Palatability and Antipredator Response of Yosemite Toad (Bufo canorus) to Nonnative Brook Trout (Salvelinus fontinalis) in the Sierra Nevada Mountains of California.
Statement of the Problem - The global phenomenon of unexplained amphibian declines has been met with an increase of investigations into the possible anthropogenic as well as natural causes. Alien or introduced predators such as fish will often compete, displace or prey upon native amphibians. Amphibians that have evolved in fishless habitats often lack the necessary chemical defenses and behavioral responses to avoid predation and are thus unable to resist or co-occur with introduced predators due to the lack of a shared history. Toads, however possess noxious chemicals that may be adequate to deter non-native predators which may allow co-occurrence with alien predators, even when the same introduced predator has already been implicated in the decline of other amphibian species. Yosemite toads have experienced population declines throughout their range in which trout have been widely introduced, but it is not clear whether trout are responsible for the decline through direct predation of larval life stages.
Sources of the Data - Research was conducted June, 2004 and August, 2005 at the University of California Santa Barbara ’s Sierra Aquatic Research Laboratory (SNARL), part of the Valentine Eastern Reserve System. Brook trout were collected via hook-and-line from two alpine lakes in Inyo National Forest . Yosemite toad eggs (2004) and recently metamorphosed toads (2005) were collected by hand from Edith Lake area and Glacier Bench (Mono Co., CA). Through a series of no-choice palatability trials, antipredator response experiments and choice experiments I determined the level of threat brook trout pose to larval Yosemite toad life stages.
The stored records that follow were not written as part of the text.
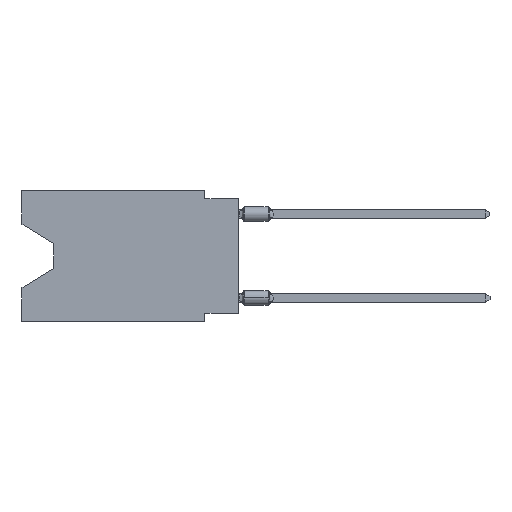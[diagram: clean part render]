
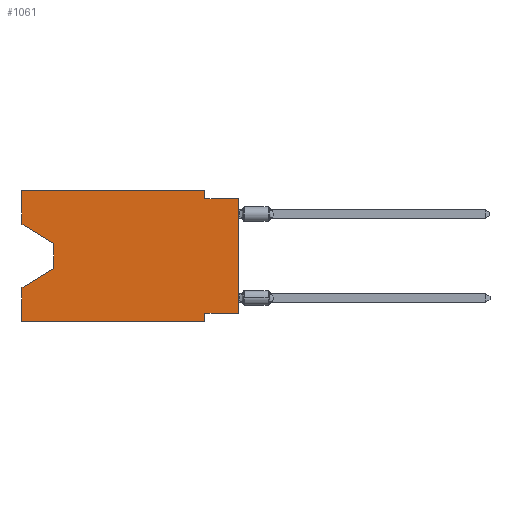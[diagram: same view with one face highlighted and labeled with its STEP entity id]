
A CAD part, left-side view. The second image highlights one B-rep face of the part: STEP entity #1061.
In plain terms, the highlighted planar face has unit normal (-1, 0, 0).
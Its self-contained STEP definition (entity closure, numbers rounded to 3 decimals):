
#535 = DIRECTION ( 'NONE',  ( 1., 0., 0. ) ) ;
#591 = EDGE_CURVE ( 'NONE', #6048, #2589, #11264, .T. ) ;
#823 = CARTESIAN_POINT ( 'NONE',  ( 0., 13.97, -5.893 ) ) ;
#1061 = ADVANCED_FACE ( 'NONE', ( #3471 ), #3376, .F. ) ;
#1239 = DIRECTION ( 'NONE',  ( 0., -1., 0. ) ) ;
#1704 = DIRECTION ( 'NONE',  ( 0., 0., -1. ) ) ;
#1726 = DIRECTION ( 'NONE',  ( 0., 0., 1. ) ) ;
#1812 = CARTESIAN_POINT ( 'NONE',  ( 0., 16.383, -9.906 ) ) ;
#1910 = ORIENTED_EDGE ( 'NONE', *, *, #16609, .F. ) ;
#2515 = VERTEX_POINT ( 'NONE', #19941 ) ;
#2589 = VERTEX_POINT ( 'NONE', #3154 ) ;
#2661 = VECTOR ( 'NONE', #11084, 1000. ) ;
#2735 = ORIENTED_EDGE ( 'NONE', *, *, #591, .T. ) ;
#2778 = CARTESIAN_POINT ( 'NONE',  ( 0., 16.383, -9.906 ) ) ;
#2986 = VERTEX_POINT ( 'NONE', #9396 ) ;
#3154 = CARTESIAN_POINT ( 'NONE',  ( 0., 0., -0.635 ) ) ;
#3241 = VERTEX_POINT ( 'NONE', #19993 ) ;
#3376 = PLANE ( 'NONE',  #19020 ) ;
#3411 = CARTESIAN_POINT ( 'NONE',  ( 0., 0., -9.271 ) ) ;
#3471 = FACE_OUTER_BOUND ( 'NONE', #6083, .T. ) ;
#3804 = VECTOR ( 'NONE', #6991, 1000. ) ;
#4446 = CARTESIAN_POINT ( 'NONE',  ( 0., 2.54, -9.906 ) ) ;
#4853 = DIRECTION ( 'NONE',  ( 0., -1., 0. ) ) ;
#4895 = DIRECTION ( 'NONE',  ( 0., 0., -1. ) ) ;
#4935 = LINE ( 'NONE', #5040, #2661 ) ;
#5040 = CARTESIAN_POINT ( 'NONE',  ( 0., 13.97, -4.013 ) ) ;
#5053 = LINE ( 'NONE', #11195, #18832 ) ;
#5080 = CARTESIAN_POINT ( 'NONE',  ( 0., 2.54, 0. ) ) ;
#5211 = EDGE_CURVE ( 'NONE', #5757, #2589, #17618, .T. ) ;
#5348 = DIRECTION ( 'NONE',  ( 0., 0., -1. ) ) ;
#5507 = DIRECTION ( 'NONE',  ( 0., -1., 0. ) ) ;
#5757 = VERTEX_POINT ( 'NONE', #15569 ) ;
#6048 = VERTEX_POINT ( 'NONE', #15211 ) ;
#6083 = EDGE_LOOP ( 'NONE', ( #16292, #10221, #11626, #12789, #18971, #14033, #12550, #2735, #16972, #18631, #6451, #1910 ) ) ;
#6420 = EDGE_CURVE ( 'NONE', #16578, #6683, #13077, .T. ) ;
#6451 = ORIENTED_EDGE ( 'NONE', *, *, #6420, .F. ) ;
#6525 = CARTESIAN_POINT ( 'NONE',  ( 0., 0., 0. ) ) ;
#6666 = VERTEX_POINT ( 'NONE', #19098 ) ;
#6683 = VERTEX_POINT ( 'NONE', #5080 ) ;
#6991 = DIRECTION ( 'NONE',  ( 0., 0.855, -0.519 ) ) ;
#7012 = CARTESIAN_POINT ( 'NONE',  ( 0., 2.54, -9.271 ) ) ;
#7514 = LINE ( 'NONE', #13794, #15354 ) ;
#7940 = CARTESIAN_POINT ( 'NONE',  ( 0., 16.383, 0. ) ) ;
#8085 = VECTOR ( 'NONE', #1726, 1000. ) ;
#8114 = CARTESIAN_POINT ( 'NONE',  ( 0., 16.383, 0. ) ) ;
#8722 = CARTESIAN_POINT ( 'NONE',  ( 0., 16.383, 0. ) ) ;
#8865 = VECTOR ( 'NONE', #9359, 1000. ) ;
#9172 = VERTEX_POINT ( 'NONE', #2778 ) ;
#9359 = DIRECTION ( 'NONE',  ( 0., 0., 1. ) ) ;
#9396 = CARTESIAN_POINT ( 'NONE',  ( 0., 13.97, -5.893 ) ) ;
#9793 = LINE ( 'NONE', #17190, #8085 ) ;
#9934 = CARTESIAN_POINT ( 'NONE',  ( 0., 0., -0.635 ) ) ;
#10221 = ORIENTED_EDGE ( 'NONE', *, *, #14944, .T. ) ;
#10968 = LINE ( 'NONE', #7940, #8865 ) ;
#11084 = DIRECTION ( 'NONE',  ( 0., 0., -1. ) ) ;
#11195 = CARTESIAN_POINT ( 'NONE',  ( 0., 2.54, 0. ) ) ;
#11264 = LINE ( 'NONE', #6525, #18412 ) ;
#11482 = VECTOR ( 'NONE', #4853, 1000. ) ;
#11626 = ORIENTED_EDGE ( 'NONE', *, *, #11696, .T. ) ;
#11696 = EDGE_CURVE ( 'NONE', #2986, #14039, #14681, .T. ) ;
#12076 = VECTOR ( 'NONE', #1239, 1000. ) ;
#12119 = LINE ( 'NONE', #4446, #15039 ) ;
#12550 = ORIENTED_EDGE ( 'NONE', *, *, #14935, .F. ) ;
#12789 = ORIENTED_EDGE ( 'NONE', *, *, #19543, .F. ) ;
#12810 = LINE ( 'NONE', #3411, #17506 ) ;
#13077 = LINE ( 'NONE', #8722, #12076 ) ;
#13794 = CARTESIAN_POINT ( 'NONE',  ( 0., 16.383, -2.546 ) ) ;
#13912 = CARTESIAN_POINT ( 'NONE',  ( 0., 16.383, 0. ) ) ;
#14033 = ORIENTED_EDGE ( 'NONE', *, *, #17791, .F. ) ;
#14039 = VERTEX_POINT ( 'NONE', #18456 ) ;
#14681 = LINE ( 'NONE', #823, #3804 ) ;
#14935 = EDGE_CURVE ( 'NONE', #6048, #18916, #12810, .T. ) ;
#14944 = EDGE_CURVE ( 'NONE', #3241, #2986, #4935, .T. ) ;
#15039 = VECTOR ( 'NONE', #1704, 1000. ) ;
#15211 = CARTESIAN_POINT ( 'NONE',  ( 0., 0., -9.271 ) ) ;
#15354 = VECTOR ( 'NONE', #16511, 1000. ) ;
#15451 = DIRECTION ( 'NONE',  ( 0., 1., 0. ) ) ;
#15569 = CARTESIAN_POINT ( 'NONE',  ( 0., 2.54, -0.635 ) ) ;
#16292 = ORIENTED_EDGE ( 'NONE', *, *, #16899, .T. ) ;
#16511 = DIRECTION ( 'NONE',  ( 0., -0.855, -0.519 ) ) ;
#16578 = VERTEX_POINT ( 'NONE', #13912 ) ;
#16609 = EDGE_CURVE ( 'NONE', #2515, #16578, #10968, .T. ) ;
#16899 = EDGE_CURVE ( 'NONE', #2515, #3241, #7514, .T. ) ;
#16972 = ORIENTED_EDGE ( 'NONE', *, *, #5211, .F. ) ;
#17190 = CARTESIAN_POINT ( 'NONE',  ( 0., 16.383, 0. ) ) ;
#17437 = DIRECTION ( 'NONE',  ( 0., 0., 1. ) ) ;
#17506 = VECTOR ( 'NONE', #15451, 1000. ) ;
#17618 = LINE ( 'NONE', #9934, #17838 ) ;
#17765 = EDGE_CURVE ( 'NONE', #9172, #6666, #18385, .T. ) ;
#17791 = EDGE_CURVE ( 'NONE', #18916, #6666, #12119, .T. ) ;
#17838 = VECTOR ( 'NONE', #5507, 1000. ) ;
#17967 = EDGE_CURVE ( 'NONE', #6683, #5757, #5053, .T. ) ;
#18385 = LINE ( 'NONE', #1812, #11482 ) ;
#18412 = VECTOR ( 'NONE', #17437, 1000. ) ;
#18456 = CARTESIAN_POINT ( 'NONE',  ( 0., 16.383, -7.36 ) ) ;
#18631 = ORIENTED_EDGE ( 'NONE', *, *, #17967, .F. ) ;
#18832 = VECTOR ( 'NONE', #5348, 1000. ) ;
#18916 = VERTEX_POINT ( 'NONE', #7012 ) ;
#18971 = ORIENTED_EDGE ( 'NONE', *, *, #17765, .T. ) ;
#19020 = AXIS2_PLACEMENT_3D ( 'NONE', #8114, #535, #4895 ) ;
#19098 = CARTESIAN_POINT ( 'NONE',  ( 0., 2.54, -9.906 ) ) ;
#19543 = EDGE_CURVE ( 'NONE', #9172, #14039, #9793, .T. ) ;
#19941 = CARTESIAN_POINT ( 'NONE',  ( 0., 16.383, -2.546 ) ) ;
#19993 = CARTESIAN_POINT ( 'NONE',  ( 0., 13.97, -4.013 ) ) ;
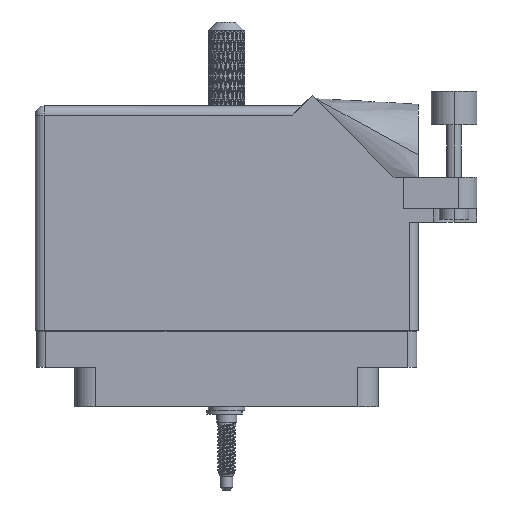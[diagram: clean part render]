
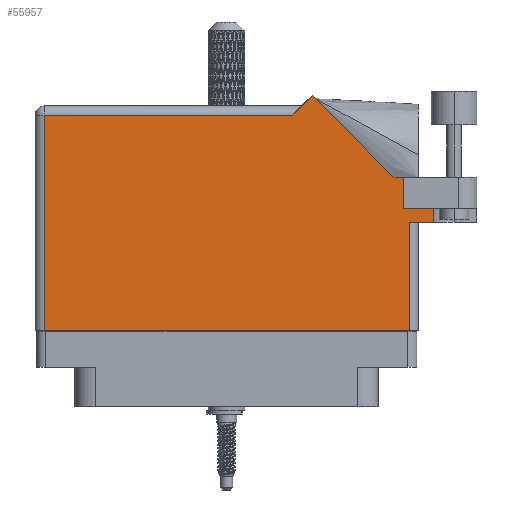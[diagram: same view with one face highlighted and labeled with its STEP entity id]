
A CAD part, front view. The second image highlights one B-rep face of the part: STEP entity #55957.
In plain terms, the highlighted face is planar.
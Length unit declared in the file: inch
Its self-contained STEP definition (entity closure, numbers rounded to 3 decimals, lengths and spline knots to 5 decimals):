
#435 = CARTESIAN_POINT ( 'NONE',  ( 0.451, 1.368, 0.455 ) ) ;
#1619 = CARTESIAN_POINT ( 'NONE',  ( 1.244, 0.637, 0.455 ) ) ;
#1914 = VECTOR ( 'NONE', #55115, 39.37008 ) ;
#1970 = CARTESIAN_POINT ( 'NONE',  ( -1.306, -0.1, 0.455 ) ) ;
#3484 = DIRECTION ( 'NONE',  ( -0.707, 0.707, 0. ) ) ;
#3710 = VERTEX_POINT ( 'NONE', #76241 ) ;
#4270 = EDGE_CURVE ( 'NONE', #77512, #54624, #20984, .T. ) ;
#5516 = CARTESIAN_POINT ( 'NONE',  ( 1.206, 0.731, 0.455 ) ) ;
#11264 = VECTOR ( 'NONE', #109834, 39.37008 ) ;
#12962 = CARTESIAN_POINT ( 'NONE',  ( 1.14042, 0.944, 0.455 ) ) ;
#13360 = LINE ( 'NONE', #87749, #101649 ) ;
#15601 = PLANE ( 'NONE',  #28340 ) ;
#15797 = CARTESIAN_POINT ( 'NONE',  ( 0.58371, 1.50071, 0.455 ) ) ;
#18420 = DIRECTION ( 'NONE',  ( -1., 0., 0. ) ) ;
#20984 = LINE ( 'NONE', #90385, #114996 ) ;
#23070 = CARTESIAN_POINT ( 'NONE',  ( -1.244, 1.368, 0.455 ) ) ;
#23416 = DIRECTION ( 'NONE',  ( 1., 0., 0. ) ) ;
#23714 = CARTESIAN_POINT ( 'NONE',  ( 1.206, 0.944, 0.455 ) ) ;
#24749 = CARTESIAN_POINT ( 'NONE',  ( -1.306, 1.43, 0.455 ) ) ;
#25486 = LINE ( 'NONE', #1970, #113794 ) ;
#26301 = DIRECTION ( 'NONE',  ( 0., 1., 0. ) ) ;
#26800 = EDGE_CURVE ( 'NONE', #85340, #77512, #100790, .T. ) ;
#26889 = VERTEX_POINT ( 'NONE', #88776 ) ;
#27611 = VERTEX_POINT ( 'NONE', #83935 ) ;
#28340 = AXIS2_PLACEMENT_3D ( 'NONE', #24749, #88615, #18420 ) ;
#32483 = DIRECTION ( 'NONE',  ( -0.707, -0.707, 0. ) ) ;
#32529 = EDGE_CURVE ( 'NONE', #26889, #55099, #73019, .T. ) ;
#32710 = VERTEX_POINT ( 'NONE', #107738 ) ;
#36058 = CARTESIAN_POINT ( 'NONE',  ( -1.244, -0.1, 0.455 ) ) ;
#36593 = VECTOR ( 'NONE', #23416, 39.37008 ) ;
#39148 = LINE ( 'NONE', #1619, #50465 ) ;
#41153 = LINE ( 'NONE', #110623, #11264 ) ;
#44266 = VERTEX_POINT ( 'NONE', #50038 ) ;
#45529 = FACE_OUTER_BOUND ( 'NONE', #116731, .T. ) ;
#50038 = CARTESIAN_POINT ( 'NONE',  ( 1.4075, 0.637, 0.455 ) ) ;
#50465 = VECTOR ( 'NONE', #91656, 39.37008 ) ;
#51528 = ORIENTED_EDGE ( 'NONE', *, *, #83207, .T. ) ;
#52246 = EDGE_CURVE ( 'NONE', #60989, #3710, #25486, .T. ) ;
#53882 = ORIENTED_EDGE ( 'NONE', *, *, #101706, .F. ) ;
#54624 = VERTEX_POINT ( 'NONE', #23070 ) ;
#55099 = VERTEX_POINT ( 'NONE', #23714 ) ;
#55115 = DIRECTION ( 'NONE',  ( 0., -1., 0. ) ) ;
#55957 = ADVANCED_FACE ( 'NONE', ( #45529 ), #15601, .F. ) ;
#57747 = EDGE_CURVE ( 'NONE', #26889, #32710, #72255, .T. ) ;
#59623 = ORIENTED_EDGE ( 'NONE', *, *, #77500, .T. ) ;
#60989 = VERTEX_POINT ( 'NONE', #70418 ) ;
#67544 = ORIENTED_EDGE ( 'NONE', *, *, #4270, .T. ) ;
#69437 = EDGE_CURVE ( 'NONE', #54624, #60989, #97374, .T. ) ;
#69587 = DIRECTION ( 'NONE',  ( 1., 0., 0. ) ) ;
#70418 = CARTESIAN_POINT ( 'NONE',  ( -1.244, -0.1, 0.455 ) ) ;
#70829 = VECTOR ( 'NONE', #106362, 39.37008 ) ;
#72255 = LINE ( 'NONE', #5516, #36593 ) ;
#72402 = LINE ( 'NONE', #12962, #81106 ) ;
#73019 = LINE ( 'NONE', #97607, #91569 ) ;
#74247 = EDGE_CURVE ( 'NONE', #55099, #99335, #109318, .T. ) ;
#76241 = CARTESIAN_POINT ( 'NONE',  ( 1.244, -0.1, 0.455 ) ) ;
#77500 = EDGE_CURVE ( 'NONE', #3710, #27611, #39148, .T. ) ;
#77512 = VERTEX_POINT ( 'NONE', #435 ) ;
#78628 = EDGE_CURVE ( 'NONE', #27611, #44266, #13360, .T. ) ;
#79324 = ORIENTED_EDGE ( 'NONE', *, *, #69437, .T. ) ;
#79897 = ORIENTED_EDGE ( 'NONE', *, *, #57747, .F. ) ;
#81083 = ORIENTED_EDGE ( 'NONE', *, *, #78628, .T. ) ;
#81106 = VECTOR ( 'NONE', #3484, 39.37008 ) ;
#83207 = EDGE_CURVE ( 'NONE', #99335, #85340, #72402, .T. ) ;
#83935 = CARTESIAN_POINT ( 'NONE',  ( 1.244, 0.637, 0.455 ) ) ;
#85340 = VERTEX_POINT ( 'NONE', #15797 ) ;
#87749 = CARTESIAN_POINT ( 'NONE',  ( 1.306, 0.637, 0.455 ) ) ;
#88615 = DIRECTION ( 'NONE',  ( 0., 0., -1. ) ) ;
#88776 = CARTESIAN_POINT ( 'NONE',  ( 1.206, 0.731, 0.455 ) ) ;
#90166 = ORIENTED_EDGE ( 'NONE', *, *, #26800, .T. ) ;
#90385 = CARTESIAN_POINT ( 'NONE',  ( -1.306, 1.368, 0.455 ) ) ;
#91569 = VECTOR ( 'NONE', #26301, 39.37008 ) ;
#91656 = DIRECTION ( 'NONE',  ( 0., 1., 0. ) ) ;
#97071 = CARTESIAN_POINT ( 'NONE',  ( 0.513, 1.43, 0.455 ) ) ;
#97312 = CARTESIAN_POINT ( 'NONE',  ( 1.706, 0.944, 0.455 ) ) ;
#97374 = LINE ( 'NONE', #36058, #1914 ) ;
#97607 = CARTESIAN_POINT ( 'NONE',  ( 1.206, 0.731, 0.455 ) ) ;
#98899 = ORIENTED_EDGE ( 'NONE', *, *, #74247, .T. ) ;
#99335 = VERTEX_POINT ( 'NONE', #109655 ) ;
#99471 = VECTOR ( 'NONE', #32483, 39.37008 ) ;
#100790 = LINE ( 'NONE', #97071, #99471 ) ;
#101409 = DIRECTION ( 'NONE',  ( 1., 0., 0. ) ) ;
#101649 = VECTOR ( 'NONE', #69587, 39.37008 ) ;
#101706 = EDGE_CURVE ( 'NONE', #32710, #44266, #41153, .T. ) ;
#101991 = ORIENTED_EDGE ( 'NONE', *, *, #52246, .T. ) ;
#106362 = DIRECTION ( 'NONE',  ( -1., 0., 0. ) ) ;
#107689 = ORIENTED_EDGE ( 'NONE', *, *, #32529, .T. ) ;
#107738 = CARTESIAN_POINT ( 'NONE',  ( 1.4075, 0.731, 0.455 ) ) ;
#109318 = LINE ( 'NONE', #97312, #70829 ) ;
#109348 = DIRECTION ( 'NONE',  ( -1., 0., 0. ) ) ;
#109655 = CARTESIAN_POINT ( 'NONE',  ( 1.14042, 0.944, 0.455 ) ) ;
#109834 = DIRECTION ( 'NONE',  ( 0., -1., 0. ) ) ;
#110623 = CARTESIAN_POINT ( 'NONE',  ( 1.4075, 1.06177, 0.455 ) ) ;
#113794 = VECTOR ( 'NONE', #101409, 39.37008 ) ;
#114996 = VECTOR ( 'NONE', #109348, 39.37008 ) ;
#116731 = EDGE_LOOP ( 'NONE', ( #101991, #59623, #81083, #53882, #79897, #107689, #98899, #51528, #90166, #67544, #79324 ) ) ;
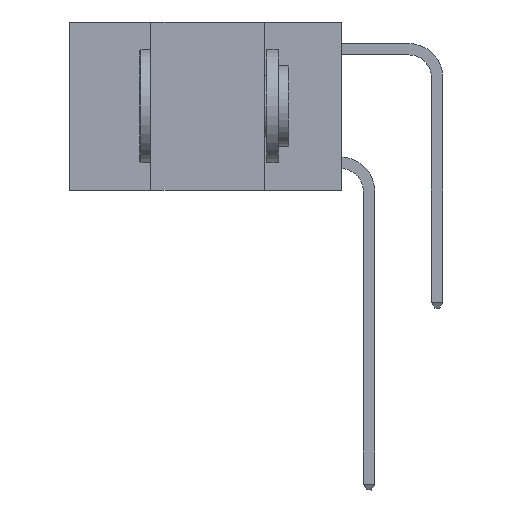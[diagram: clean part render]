
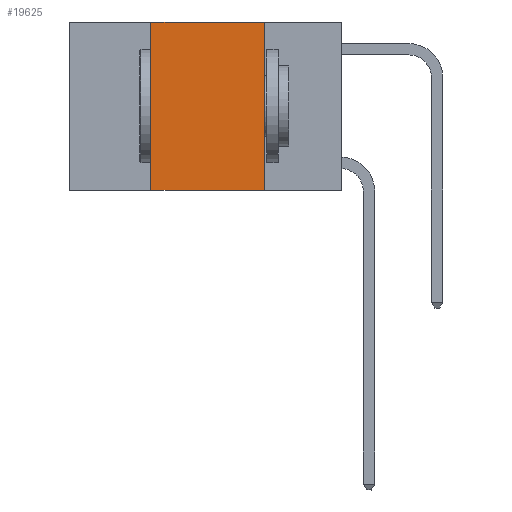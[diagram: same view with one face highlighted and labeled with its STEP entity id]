
A CAD part, left-side view. The second image highlights one B-rep face of the part: STEP entity #19625.
In plain terms, the highlighted planar face has unit normal (-1, 0, 0).
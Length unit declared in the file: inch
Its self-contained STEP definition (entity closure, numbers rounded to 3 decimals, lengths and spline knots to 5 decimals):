
#1743 = LINE ( 'NONE', #13814, #11990 ) ;
#2760 = VECTOR ( 'NONE', #21840, 39.37008 ) ;
#3126 = DIRECTION ( 'NONE',  ( 0., -1., 0. ) ) ;
#3653 = VERTEX_POINT ( 'NONE', #23788 ) ;
#4292 = DIRECTION ( 'NONE',  ( 1., 0., 0. ) ) ;
#4318 = ORIENTED_EDGE ( 'NONE', *, *, #11294, .F. ) ;
#5123 = CARTESIAN_POINT ( 'NONE',  ( 0., 0.42, 0. ) ) ;
#5727 = DIRECTION ( 'NONE',  ( 0., 0., -1. ) ) ;
#8372 = LINE ( 'NONE', #23369, #13141 ) ;
#9452 = FACE_OUTER_BOUND ( 'NONE', #22914, .T. ) ;
#9504 = LINE ( 'NONE', #15732, #2760 ) ;
#9645 = CARTESIAN_POINT ( 'NONE',  ( 0., 0.42, 0. ) ) ;
#10612 = VERTEX_POINT ( 'NONE', #23316 ) ;
#11294 = EDGE_CURVE ( 'NONE', #19217, #21609, #8372, .T. ) ;
#11684 = ORIENTED_EDGE ( 'NONE', *, *, #20104, .F. ) ;
#11990 = VECTOR ( 'NONE', #5727, 39.37008 ) ;
#12410 = PLANE ( 'NONE',  #17768 ) ;
#12623 = ORIENTED_EDGE ( 'NONE', *, *, #25514, .F. ) ;
#13141 = VECTOR ( 'NONE', #3126, 39.37008 ) ;
#13814 = CARTESIAN_POINT ( 'NONE',  ( 0., 0.17, 0. ) ) ;
#15732 = CARTESIAN_POINT ( 'NONE',  ( 0., 0.6, -0.37 ) ) ;
#15757 = DIRECTION ( 'NONE',  ( 0., 0., 1. ) ) ;
#17073 = ORIENTED_EDGE ( 'NONE', *, *, #18738, .T. ) ;
#17483 = CARTESIAN_POINT ( 'NONE',  ( 0., 0.17, 0. ) ) ;
#17768 = AXIS2_PLACEMENT_3D ( 'NONE', #20458, #4292, #18512 ) ;
#18512 = DIRECTION ( 'NONE',  ( 0., 0., -1. ) ) ;
#18738 = EDGE_CURVE ( 'NONE', #10612, #3653, #9504, .T. ) ;
#19217 = VERTEX_POINT ( 'NONE', #5123 ) ;
#19537 = VECTOR ( 'NONE', #15757, 39.37008 ) ;
#19625 = ADVANCED_FACE ( 'NONE', ( #9452 ), #12410, .F. ) ;
#20104 = EDGE_CURVE ( 'NONE', #10612, #19217, #20191, .T. ) ;
#20191 = LINE ( 'NONE', #9645, #19537 ) ;
#20458 = CARTESIAN_POINT ( 'NONE',  ( 0., 0.6, 0. ) ) ;
#21609 = VERTEX_POINT ( 'NONE', #17483 ) ;
#21840 = DIRECTION ( 'NONE',  ( 0., -1., 0. ) ) ;
#22914 = EDGE_LOOP ( 'NONE', ( #12623, #4318, #11684, #17073 ) ) ;
#23316 = CARTESIAN_POINT ( 'NONE',  ( 0., 0.42, -0.37 ) ) ;
#23369 = CARTESIAN_POINT ( 'NONE',  ( 0., 0.6, 0. ) ) ;
#23788 = CARTESIAN_POINT ( 'NONE',  ( 0., 0.17, -0.37 ) ) ;
#25514 = EDGE_CURVE ( 'NONE', #21609, #3653, #1743, .T. ) ;

Conclusions -Two major conclusions can be drawn from my research. Firstly, brook trout found all early life stages of Yosemite toads to be unpalatable and unlikely rely on these stages as a primary food source in aquatic montane environments. Secondly, even though Yosemite toads were sampled by trout the toads did not suffer any ill effects.
Grasso, Robert Lawrence (2005) Palatability and Antipredator Response of Yosemite Toad (Bufo canorus) to Nonnative Brook Trout (Salvelinus fontinalis) in the Sierra Nevada Mountains of California. Masters thesis, Department of Biological Sciences, California State University, Sacramento.
Rob joined the lab in Fall 2003 and finished in December 2005.